Work instruction: Where the word "Company" shows up in the entries below, please copy the whole line.

Source data:
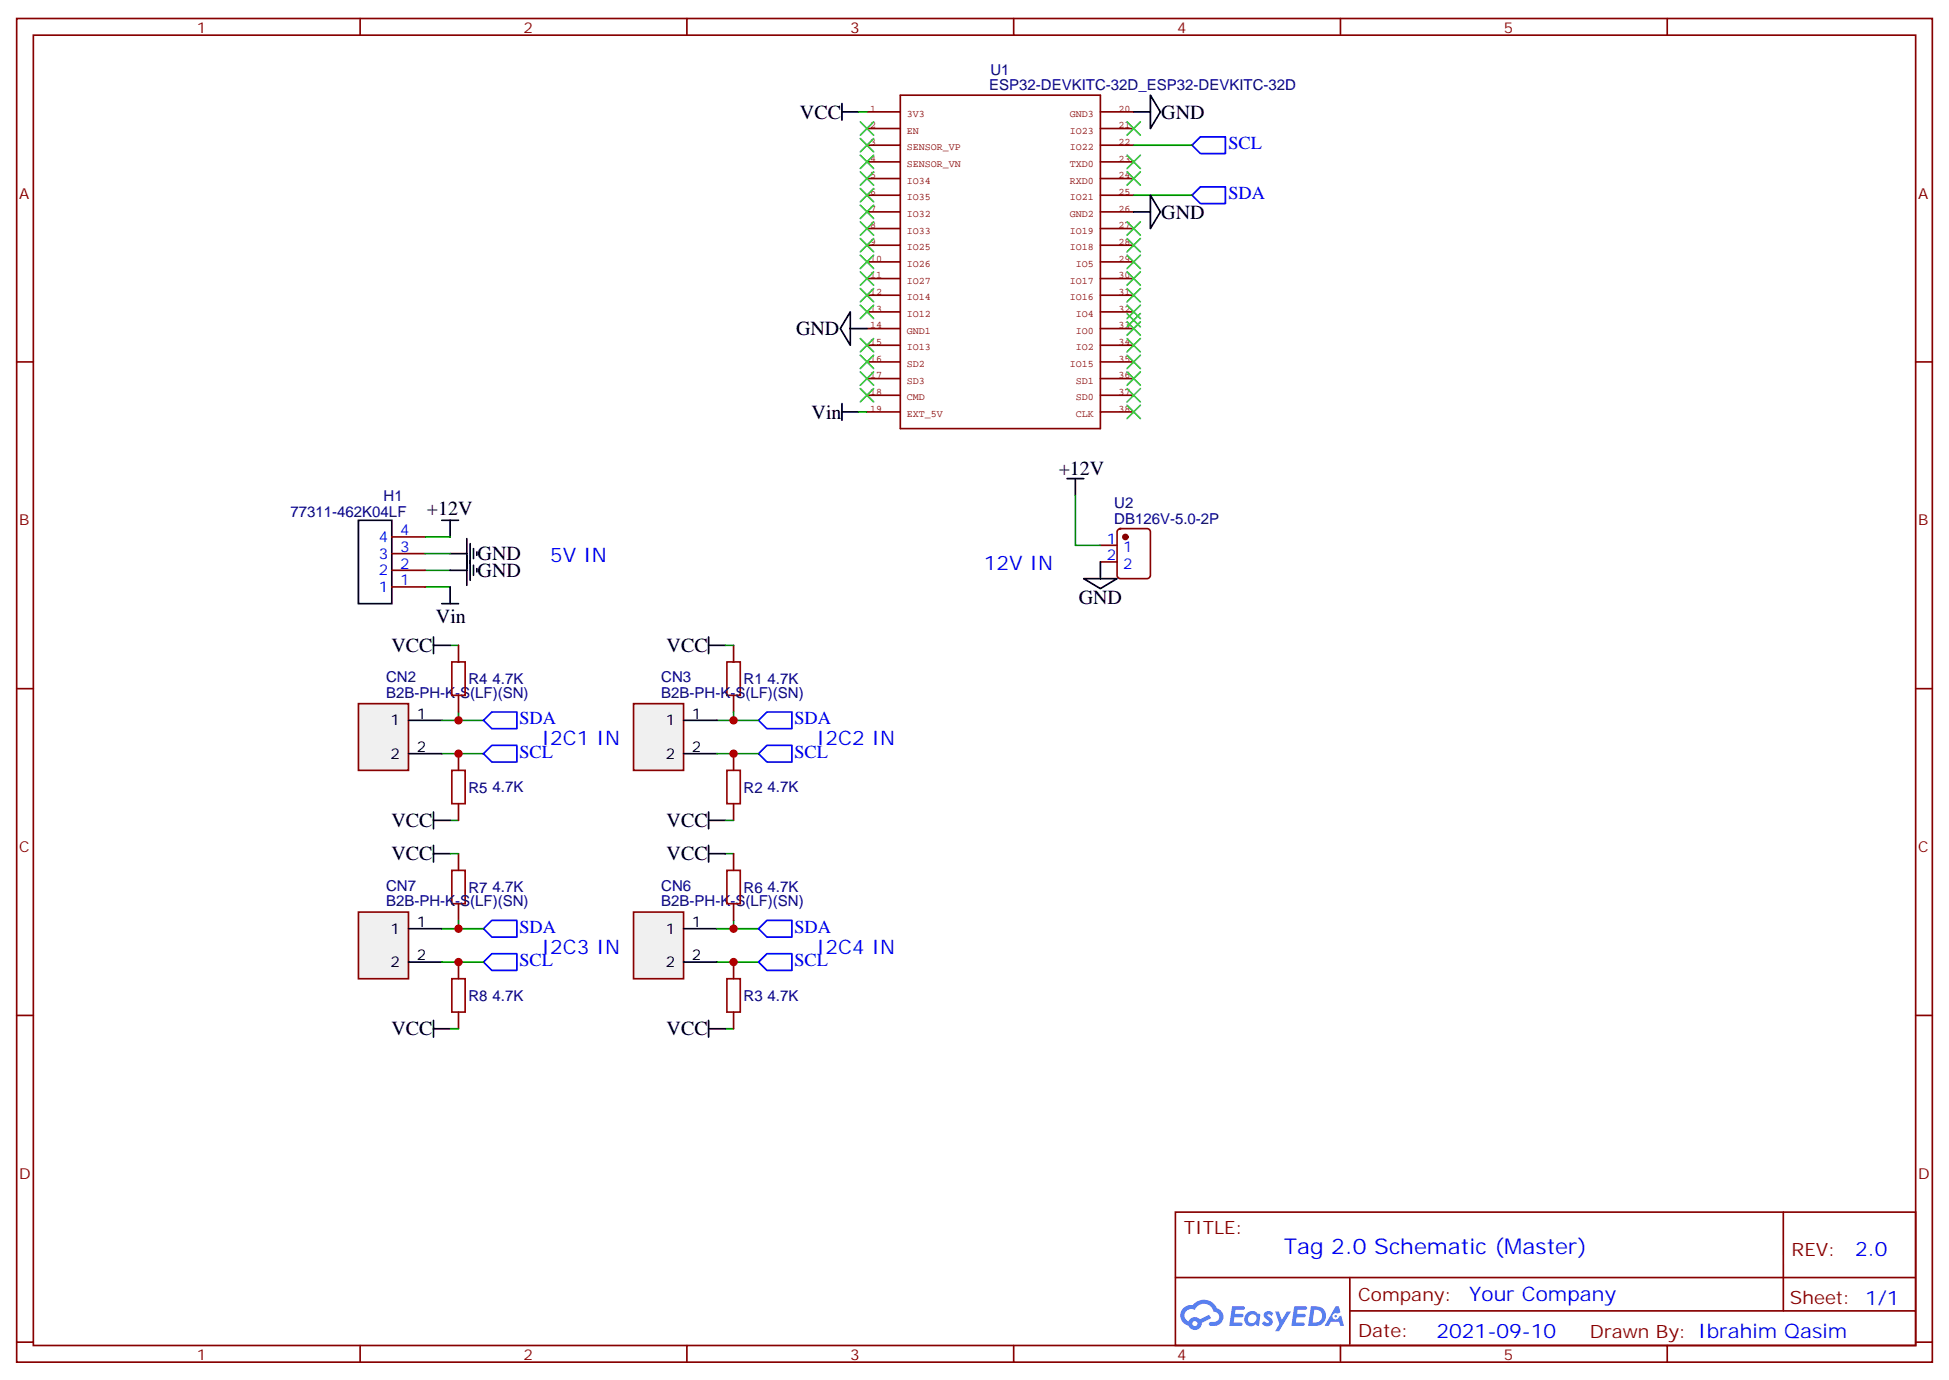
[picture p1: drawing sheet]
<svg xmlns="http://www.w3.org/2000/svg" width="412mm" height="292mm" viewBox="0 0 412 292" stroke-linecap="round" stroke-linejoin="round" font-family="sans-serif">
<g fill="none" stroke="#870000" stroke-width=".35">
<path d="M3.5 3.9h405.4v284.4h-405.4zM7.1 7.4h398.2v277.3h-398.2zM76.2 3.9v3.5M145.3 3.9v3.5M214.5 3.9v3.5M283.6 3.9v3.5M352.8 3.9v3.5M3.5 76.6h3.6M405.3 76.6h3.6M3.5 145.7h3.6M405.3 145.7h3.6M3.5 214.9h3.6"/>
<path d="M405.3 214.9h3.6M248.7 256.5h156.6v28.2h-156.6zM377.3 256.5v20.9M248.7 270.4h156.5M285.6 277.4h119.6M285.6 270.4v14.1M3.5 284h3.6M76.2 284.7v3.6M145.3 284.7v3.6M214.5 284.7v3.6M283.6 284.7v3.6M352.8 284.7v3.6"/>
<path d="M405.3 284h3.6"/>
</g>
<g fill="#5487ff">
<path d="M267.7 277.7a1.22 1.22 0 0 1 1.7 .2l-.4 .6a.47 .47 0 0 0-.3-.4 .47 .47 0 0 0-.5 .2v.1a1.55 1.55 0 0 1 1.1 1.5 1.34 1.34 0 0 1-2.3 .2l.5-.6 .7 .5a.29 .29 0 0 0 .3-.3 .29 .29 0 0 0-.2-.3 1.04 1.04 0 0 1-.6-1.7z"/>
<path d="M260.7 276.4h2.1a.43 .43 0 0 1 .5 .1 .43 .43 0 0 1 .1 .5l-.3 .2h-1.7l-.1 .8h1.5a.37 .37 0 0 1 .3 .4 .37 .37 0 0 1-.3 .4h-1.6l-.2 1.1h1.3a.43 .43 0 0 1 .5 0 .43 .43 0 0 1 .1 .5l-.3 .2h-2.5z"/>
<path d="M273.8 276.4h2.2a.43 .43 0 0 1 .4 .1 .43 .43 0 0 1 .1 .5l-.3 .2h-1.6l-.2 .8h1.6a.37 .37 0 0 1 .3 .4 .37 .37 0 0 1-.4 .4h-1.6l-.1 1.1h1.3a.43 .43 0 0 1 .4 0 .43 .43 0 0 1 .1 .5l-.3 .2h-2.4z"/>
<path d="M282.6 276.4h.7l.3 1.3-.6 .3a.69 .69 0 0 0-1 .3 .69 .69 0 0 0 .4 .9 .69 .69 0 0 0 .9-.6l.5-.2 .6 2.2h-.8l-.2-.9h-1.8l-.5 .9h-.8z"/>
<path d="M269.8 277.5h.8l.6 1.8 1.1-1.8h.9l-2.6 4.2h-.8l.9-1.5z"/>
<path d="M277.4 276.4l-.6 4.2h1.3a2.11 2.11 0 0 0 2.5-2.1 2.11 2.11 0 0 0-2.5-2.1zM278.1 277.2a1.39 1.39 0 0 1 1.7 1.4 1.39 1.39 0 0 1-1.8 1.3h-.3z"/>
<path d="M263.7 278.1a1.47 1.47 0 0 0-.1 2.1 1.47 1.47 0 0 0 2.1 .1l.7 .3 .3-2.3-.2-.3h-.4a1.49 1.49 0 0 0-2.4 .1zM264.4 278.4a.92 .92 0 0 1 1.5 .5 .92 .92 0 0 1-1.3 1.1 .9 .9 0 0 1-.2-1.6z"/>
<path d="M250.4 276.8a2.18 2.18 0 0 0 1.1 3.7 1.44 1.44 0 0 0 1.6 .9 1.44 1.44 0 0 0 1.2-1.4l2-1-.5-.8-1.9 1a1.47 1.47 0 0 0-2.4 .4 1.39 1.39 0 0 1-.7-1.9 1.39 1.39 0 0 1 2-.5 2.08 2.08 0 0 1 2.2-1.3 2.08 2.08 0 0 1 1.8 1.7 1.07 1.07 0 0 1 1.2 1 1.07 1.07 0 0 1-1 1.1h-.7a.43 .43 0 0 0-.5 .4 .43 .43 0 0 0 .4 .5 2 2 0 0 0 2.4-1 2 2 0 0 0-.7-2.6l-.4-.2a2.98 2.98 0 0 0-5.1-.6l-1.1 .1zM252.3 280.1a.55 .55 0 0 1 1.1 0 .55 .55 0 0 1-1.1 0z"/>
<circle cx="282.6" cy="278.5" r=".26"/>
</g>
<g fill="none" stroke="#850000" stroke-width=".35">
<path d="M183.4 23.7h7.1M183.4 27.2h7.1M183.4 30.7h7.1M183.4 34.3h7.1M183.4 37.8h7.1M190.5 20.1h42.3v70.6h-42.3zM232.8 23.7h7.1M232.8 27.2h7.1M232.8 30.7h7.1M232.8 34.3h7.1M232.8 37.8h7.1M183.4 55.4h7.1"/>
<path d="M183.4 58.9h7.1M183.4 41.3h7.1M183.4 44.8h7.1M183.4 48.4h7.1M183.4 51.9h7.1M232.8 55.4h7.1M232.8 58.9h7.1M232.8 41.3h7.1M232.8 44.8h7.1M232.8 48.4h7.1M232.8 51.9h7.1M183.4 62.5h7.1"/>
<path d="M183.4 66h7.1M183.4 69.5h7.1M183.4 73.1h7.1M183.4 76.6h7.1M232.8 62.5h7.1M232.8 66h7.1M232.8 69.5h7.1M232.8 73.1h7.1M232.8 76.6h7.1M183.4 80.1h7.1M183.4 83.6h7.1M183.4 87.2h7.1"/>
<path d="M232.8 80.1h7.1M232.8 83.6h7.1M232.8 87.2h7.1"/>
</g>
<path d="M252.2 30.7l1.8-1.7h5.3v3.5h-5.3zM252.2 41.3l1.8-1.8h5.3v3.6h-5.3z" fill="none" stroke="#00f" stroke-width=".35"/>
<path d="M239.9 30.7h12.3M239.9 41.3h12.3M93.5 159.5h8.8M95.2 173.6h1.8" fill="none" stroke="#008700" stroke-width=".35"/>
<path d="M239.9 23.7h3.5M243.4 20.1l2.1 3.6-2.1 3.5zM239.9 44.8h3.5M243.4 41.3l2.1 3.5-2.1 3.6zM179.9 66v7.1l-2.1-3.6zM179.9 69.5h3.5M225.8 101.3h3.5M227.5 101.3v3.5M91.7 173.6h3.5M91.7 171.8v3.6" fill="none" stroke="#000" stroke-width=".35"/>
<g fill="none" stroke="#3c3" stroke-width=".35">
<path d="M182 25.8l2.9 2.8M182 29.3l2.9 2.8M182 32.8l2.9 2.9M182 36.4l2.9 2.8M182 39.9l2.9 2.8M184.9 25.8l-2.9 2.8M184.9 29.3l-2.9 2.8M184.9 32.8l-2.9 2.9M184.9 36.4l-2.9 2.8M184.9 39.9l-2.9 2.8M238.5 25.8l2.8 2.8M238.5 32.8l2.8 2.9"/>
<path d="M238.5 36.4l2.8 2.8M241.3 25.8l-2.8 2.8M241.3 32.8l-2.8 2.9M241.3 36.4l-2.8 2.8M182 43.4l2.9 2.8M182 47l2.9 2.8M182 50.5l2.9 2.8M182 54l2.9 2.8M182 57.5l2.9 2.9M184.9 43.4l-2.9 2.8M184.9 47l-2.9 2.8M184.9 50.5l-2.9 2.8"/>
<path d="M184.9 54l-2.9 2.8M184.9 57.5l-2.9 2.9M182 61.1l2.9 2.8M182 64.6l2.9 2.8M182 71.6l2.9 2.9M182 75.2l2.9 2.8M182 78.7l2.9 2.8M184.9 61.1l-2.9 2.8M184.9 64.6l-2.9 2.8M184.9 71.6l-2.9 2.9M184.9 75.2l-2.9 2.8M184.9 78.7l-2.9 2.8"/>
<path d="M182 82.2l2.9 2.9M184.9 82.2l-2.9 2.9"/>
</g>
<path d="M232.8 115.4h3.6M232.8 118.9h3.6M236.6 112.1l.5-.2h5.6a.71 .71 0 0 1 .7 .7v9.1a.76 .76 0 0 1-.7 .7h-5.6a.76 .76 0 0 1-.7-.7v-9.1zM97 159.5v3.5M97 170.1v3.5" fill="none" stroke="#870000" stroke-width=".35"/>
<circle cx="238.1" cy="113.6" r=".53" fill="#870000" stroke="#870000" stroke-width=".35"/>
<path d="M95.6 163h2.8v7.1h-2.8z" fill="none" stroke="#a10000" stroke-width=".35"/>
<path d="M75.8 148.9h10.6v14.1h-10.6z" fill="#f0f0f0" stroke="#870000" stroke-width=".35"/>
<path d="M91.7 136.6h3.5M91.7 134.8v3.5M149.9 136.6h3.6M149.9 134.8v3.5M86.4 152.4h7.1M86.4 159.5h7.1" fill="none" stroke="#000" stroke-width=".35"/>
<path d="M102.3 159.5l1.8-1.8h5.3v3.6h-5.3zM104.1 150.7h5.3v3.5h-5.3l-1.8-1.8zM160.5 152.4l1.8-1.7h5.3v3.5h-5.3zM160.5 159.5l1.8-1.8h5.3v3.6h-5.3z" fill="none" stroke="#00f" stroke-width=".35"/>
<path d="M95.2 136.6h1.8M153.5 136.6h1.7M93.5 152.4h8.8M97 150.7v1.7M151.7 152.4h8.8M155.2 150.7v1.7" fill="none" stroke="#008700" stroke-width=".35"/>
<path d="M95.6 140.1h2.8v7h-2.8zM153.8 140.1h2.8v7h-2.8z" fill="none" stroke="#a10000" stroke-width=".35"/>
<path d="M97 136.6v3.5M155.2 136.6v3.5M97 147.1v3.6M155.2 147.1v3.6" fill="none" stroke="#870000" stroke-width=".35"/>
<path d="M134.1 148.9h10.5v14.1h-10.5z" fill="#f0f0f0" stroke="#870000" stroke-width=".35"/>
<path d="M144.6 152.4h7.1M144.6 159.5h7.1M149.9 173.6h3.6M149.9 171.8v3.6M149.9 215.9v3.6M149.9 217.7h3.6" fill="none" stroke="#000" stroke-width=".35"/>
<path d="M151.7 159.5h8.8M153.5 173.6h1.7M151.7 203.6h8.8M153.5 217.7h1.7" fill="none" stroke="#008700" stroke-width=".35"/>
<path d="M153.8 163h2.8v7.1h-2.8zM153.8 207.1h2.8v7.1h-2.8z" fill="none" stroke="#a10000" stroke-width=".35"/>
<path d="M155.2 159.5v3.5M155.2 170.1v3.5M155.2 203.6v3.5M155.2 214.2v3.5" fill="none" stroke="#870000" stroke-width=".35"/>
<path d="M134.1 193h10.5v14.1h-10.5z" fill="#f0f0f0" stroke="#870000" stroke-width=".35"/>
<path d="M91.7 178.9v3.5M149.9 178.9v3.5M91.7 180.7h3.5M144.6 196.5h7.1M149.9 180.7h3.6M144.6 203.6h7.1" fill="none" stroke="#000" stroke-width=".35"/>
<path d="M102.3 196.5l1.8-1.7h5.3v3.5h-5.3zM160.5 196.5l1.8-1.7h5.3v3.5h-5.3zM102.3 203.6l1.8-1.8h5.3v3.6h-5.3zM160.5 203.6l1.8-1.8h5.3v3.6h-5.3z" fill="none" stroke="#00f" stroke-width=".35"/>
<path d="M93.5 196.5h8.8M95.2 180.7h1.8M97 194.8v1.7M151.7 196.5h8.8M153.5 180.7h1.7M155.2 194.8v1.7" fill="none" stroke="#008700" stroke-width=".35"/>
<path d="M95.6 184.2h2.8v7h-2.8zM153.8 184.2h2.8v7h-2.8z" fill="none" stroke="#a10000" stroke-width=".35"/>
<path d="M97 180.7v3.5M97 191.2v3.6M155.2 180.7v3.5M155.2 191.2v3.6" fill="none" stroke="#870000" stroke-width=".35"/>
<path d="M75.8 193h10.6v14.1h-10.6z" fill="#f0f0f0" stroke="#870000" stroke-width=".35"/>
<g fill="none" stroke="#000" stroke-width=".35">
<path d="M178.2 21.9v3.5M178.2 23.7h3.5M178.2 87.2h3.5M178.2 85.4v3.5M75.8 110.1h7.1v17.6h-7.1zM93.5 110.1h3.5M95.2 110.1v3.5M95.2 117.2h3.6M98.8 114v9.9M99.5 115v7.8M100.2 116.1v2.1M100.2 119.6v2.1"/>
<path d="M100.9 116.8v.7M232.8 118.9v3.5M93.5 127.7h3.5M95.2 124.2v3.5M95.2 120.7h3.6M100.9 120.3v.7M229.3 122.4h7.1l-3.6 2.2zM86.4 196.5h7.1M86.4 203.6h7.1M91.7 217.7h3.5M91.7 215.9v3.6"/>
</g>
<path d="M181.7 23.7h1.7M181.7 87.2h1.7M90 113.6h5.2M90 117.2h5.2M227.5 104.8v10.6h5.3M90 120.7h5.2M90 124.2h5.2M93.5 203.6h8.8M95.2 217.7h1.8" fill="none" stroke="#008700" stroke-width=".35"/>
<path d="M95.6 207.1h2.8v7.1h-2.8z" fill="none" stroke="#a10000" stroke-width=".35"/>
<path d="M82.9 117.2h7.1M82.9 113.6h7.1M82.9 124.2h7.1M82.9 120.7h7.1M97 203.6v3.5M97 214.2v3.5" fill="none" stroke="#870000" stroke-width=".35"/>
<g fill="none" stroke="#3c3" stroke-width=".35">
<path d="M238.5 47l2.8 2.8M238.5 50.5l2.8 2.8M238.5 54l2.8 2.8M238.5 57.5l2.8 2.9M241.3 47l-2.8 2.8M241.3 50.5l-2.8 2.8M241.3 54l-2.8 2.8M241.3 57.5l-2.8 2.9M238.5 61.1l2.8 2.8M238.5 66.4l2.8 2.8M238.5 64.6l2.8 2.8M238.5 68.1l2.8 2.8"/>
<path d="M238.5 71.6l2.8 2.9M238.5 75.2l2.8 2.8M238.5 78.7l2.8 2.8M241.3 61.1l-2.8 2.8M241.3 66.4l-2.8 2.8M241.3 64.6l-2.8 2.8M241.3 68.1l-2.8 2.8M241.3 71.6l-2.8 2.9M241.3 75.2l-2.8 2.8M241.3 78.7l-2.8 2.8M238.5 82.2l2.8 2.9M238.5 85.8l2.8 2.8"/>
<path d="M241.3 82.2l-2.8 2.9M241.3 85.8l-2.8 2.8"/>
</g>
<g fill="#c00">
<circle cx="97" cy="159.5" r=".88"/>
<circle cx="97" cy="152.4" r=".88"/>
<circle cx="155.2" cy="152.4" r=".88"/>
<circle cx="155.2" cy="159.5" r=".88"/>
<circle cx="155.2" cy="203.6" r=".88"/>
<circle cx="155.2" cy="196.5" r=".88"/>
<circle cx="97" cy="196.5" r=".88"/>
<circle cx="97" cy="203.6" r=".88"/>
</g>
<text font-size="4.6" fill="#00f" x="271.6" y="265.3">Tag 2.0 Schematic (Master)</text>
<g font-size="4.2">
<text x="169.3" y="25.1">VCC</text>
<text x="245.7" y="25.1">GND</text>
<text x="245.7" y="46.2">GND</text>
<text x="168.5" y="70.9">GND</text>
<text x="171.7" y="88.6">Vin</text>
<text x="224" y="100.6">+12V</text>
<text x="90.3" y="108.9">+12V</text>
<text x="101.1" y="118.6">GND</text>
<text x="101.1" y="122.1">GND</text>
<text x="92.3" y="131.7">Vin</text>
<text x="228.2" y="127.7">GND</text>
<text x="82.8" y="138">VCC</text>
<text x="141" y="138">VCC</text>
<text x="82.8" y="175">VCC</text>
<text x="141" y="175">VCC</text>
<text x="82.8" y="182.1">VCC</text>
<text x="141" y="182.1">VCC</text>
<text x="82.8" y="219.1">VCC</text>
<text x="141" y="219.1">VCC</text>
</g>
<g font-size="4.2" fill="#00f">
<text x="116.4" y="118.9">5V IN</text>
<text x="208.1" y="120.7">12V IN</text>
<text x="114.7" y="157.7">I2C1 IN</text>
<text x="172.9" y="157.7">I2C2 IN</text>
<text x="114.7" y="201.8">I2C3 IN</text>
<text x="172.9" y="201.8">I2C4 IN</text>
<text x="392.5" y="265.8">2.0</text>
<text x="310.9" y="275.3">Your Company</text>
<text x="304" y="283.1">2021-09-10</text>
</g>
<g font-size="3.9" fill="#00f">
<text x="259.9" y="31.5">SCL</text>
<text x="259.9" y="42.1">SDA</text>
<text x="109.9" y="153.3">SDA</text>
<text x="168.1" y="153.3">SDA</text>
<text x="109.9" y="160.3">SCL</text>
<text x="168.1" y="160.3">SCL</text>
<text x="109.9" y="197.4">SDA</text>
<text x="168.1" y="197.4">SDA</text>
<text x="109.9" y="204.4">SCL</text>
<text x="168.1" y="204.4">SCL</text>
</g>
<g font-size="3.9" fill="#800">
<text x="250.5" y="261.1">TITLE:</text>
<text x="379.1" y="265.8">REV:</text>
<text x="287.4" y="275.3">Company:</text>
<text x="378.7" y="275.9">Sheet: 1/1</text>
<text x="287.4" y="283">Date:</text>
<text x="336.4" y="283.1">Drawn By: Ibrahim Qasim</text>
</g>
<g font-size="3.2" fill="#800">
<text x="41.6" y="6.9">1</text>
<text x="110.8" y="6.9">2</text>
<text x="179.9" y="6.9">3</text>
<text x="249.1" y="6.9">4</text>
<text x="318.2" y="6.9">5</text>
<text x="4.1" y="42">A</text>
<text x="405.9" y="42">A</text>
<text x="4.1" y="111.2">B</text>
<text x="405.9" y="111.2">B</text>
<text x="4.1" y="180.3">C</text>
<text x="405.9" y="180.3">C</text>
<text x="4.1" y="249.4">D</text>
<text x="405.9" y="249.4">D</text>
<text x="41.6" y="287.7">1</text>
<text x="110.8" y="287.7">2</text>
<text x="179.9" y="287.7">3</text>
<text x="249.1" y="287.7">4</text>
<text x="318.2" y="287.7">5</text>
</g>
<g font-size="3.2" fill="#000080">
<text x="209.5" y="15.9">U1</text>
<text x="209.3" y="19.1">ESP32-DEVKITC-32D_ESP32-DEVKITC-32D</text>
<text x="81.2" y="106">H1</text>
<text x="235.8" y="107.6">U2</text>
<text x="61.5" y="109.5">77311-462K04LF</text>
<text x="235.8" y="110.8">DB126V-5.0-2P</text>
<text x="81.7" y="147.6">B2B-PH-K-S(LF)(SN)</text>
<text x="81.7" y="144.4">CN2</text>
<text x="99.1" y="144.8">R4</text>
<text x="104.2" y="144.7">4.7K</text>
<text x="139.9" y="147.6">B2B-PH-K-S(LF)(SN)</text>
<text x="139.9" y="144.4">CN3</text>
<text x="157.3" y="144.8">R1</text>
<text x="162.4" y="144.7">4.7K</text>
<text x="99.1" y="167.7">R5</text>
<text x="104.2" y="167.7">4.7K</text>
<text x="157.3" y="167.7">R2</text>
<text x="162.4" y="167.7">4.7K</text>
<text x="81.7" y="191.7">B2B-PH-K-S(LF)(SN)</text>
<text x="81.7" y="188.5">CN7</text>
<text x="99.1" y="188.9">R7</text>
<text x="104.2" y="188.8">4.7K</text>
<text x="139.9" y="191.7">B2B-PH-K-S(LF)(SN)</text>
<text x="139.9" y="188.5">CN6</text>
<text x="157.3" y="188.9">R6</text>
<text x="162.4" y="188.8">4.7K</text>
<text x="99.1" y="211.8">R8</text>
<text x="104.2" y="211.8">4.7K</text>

Task result:
<text x="310.9" y="275.3">Your Company</text>
<text x="287.4" y="275.3">Company:</text>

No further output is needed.